[Extracted data entries]

----

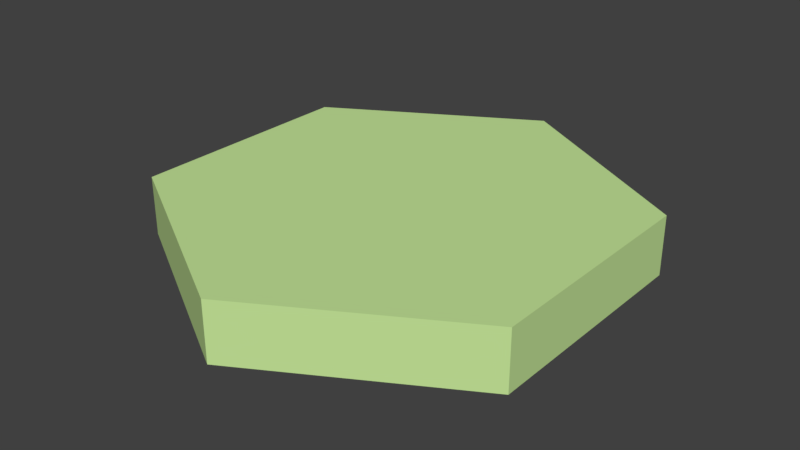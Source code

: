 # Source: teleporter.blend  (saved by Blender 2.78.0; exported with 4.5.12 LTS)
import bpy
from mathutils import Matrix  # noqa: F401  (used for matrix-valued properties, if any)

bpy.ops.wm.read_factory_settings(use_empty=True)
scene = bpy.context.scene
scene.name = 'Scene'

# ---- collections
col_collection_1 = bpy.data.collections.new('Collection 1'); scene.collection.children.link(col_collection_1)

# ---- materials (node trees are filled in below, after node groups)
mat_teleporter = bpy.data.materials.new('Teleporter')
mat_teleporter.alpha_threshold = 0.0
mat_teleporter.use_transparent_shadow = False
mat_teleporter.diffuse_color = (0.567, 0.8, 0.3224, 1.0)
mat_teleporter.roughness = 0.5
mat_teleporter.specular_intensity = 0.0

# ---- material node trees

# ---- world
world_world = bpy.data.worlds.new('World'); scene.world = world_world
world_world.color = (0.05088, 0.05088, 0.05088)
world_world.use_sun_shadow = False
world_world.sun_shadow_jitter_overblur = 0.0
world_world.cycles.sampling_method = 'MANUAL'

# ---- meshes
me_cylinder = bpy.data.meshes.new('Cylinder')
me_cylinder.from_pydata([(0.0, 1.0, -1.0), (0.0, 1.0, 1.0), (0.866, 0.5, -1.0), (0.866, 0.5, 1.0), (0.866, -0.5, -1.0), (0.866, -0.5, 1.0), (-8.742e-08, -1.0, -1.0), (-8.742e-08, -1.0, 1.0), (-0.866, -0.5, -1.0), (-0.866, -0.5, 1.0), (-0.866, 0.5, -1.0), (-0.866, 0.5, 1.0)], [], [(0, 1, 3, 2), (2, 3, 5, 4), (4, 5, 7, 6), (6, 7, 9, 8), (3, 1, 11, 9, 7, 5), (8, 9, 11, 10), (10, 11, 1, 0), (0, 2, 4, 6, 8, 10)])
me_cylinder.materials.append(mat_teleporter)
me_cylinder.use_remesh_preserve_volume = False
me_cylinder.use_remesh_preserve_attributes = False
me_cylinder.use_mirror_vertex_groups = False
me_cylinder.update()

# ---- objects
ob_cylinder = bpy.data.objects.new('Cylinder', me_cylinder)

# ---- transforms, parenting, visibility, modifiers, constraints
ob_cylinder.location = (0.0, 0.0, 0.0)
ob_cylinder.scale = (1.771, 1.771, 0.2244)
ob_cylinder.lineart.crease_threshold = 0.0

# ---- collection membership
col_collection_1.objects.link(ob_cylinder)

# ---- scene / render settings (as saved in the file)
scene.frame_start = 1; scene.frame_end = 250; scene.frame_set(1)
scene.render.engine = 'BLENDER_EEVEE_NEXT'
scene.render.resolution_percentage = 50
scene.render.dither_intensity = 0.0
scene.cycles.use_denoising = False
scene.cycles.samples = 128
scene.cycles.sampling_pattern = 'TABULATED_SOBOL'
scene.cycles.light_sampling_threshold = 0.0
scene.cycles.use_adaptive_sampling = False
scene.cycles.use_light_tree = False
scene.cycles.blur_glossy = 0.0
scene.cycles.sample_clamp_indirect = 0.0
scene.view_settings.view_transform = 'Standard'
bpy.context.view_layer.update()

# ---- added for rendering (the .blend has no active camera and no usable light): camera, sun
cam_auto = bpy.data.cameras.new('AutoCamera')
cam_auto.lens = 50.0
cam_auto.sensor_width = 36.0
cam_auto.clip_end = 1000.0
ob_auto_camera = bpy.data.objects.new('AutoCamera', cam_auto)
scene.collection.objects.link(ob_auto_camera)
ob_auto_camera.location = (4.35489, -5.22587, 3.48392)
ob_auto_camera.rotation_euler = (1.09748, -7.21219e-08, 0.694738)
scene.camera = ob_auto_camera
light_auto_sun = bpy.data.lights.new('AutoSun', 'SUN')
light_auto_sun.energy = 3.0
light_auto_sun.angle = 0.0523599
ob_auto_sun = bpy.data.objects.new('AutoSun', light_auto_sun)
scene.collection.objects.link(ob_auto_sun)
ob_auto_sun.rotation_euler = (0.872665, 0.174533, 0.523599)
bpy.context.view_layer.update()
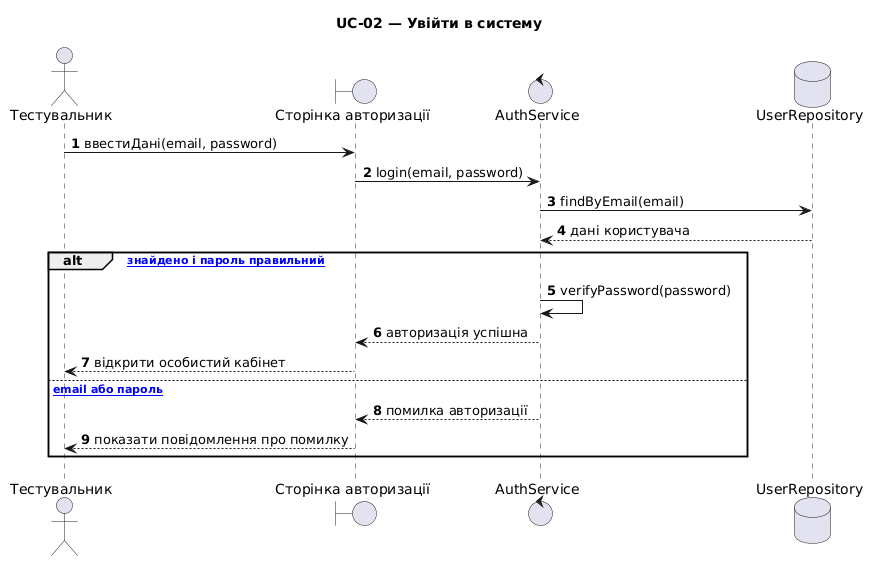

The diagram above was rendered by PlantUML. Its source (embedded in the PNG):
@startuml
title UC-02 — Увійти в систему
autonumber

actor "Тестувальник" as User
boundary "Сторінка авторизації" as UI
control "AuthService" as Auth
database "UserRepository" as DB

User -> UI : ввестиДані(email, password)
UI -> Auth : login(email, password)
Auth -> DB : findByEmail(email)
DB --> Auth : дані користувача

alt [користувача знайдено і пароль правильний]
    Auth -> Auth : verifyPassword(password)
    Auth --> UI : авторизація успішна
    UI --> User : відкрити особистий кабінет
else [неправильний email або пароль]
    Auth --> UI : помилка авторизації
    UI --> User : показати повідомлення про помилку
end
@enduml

----

**About this task**
Return the line that contains "UI --> User : показати" along with every line after it through the end of the entries, exactly, adding nothing.

**The answer**
    UI --> User : показати повідомлення про помилку
end
@enduml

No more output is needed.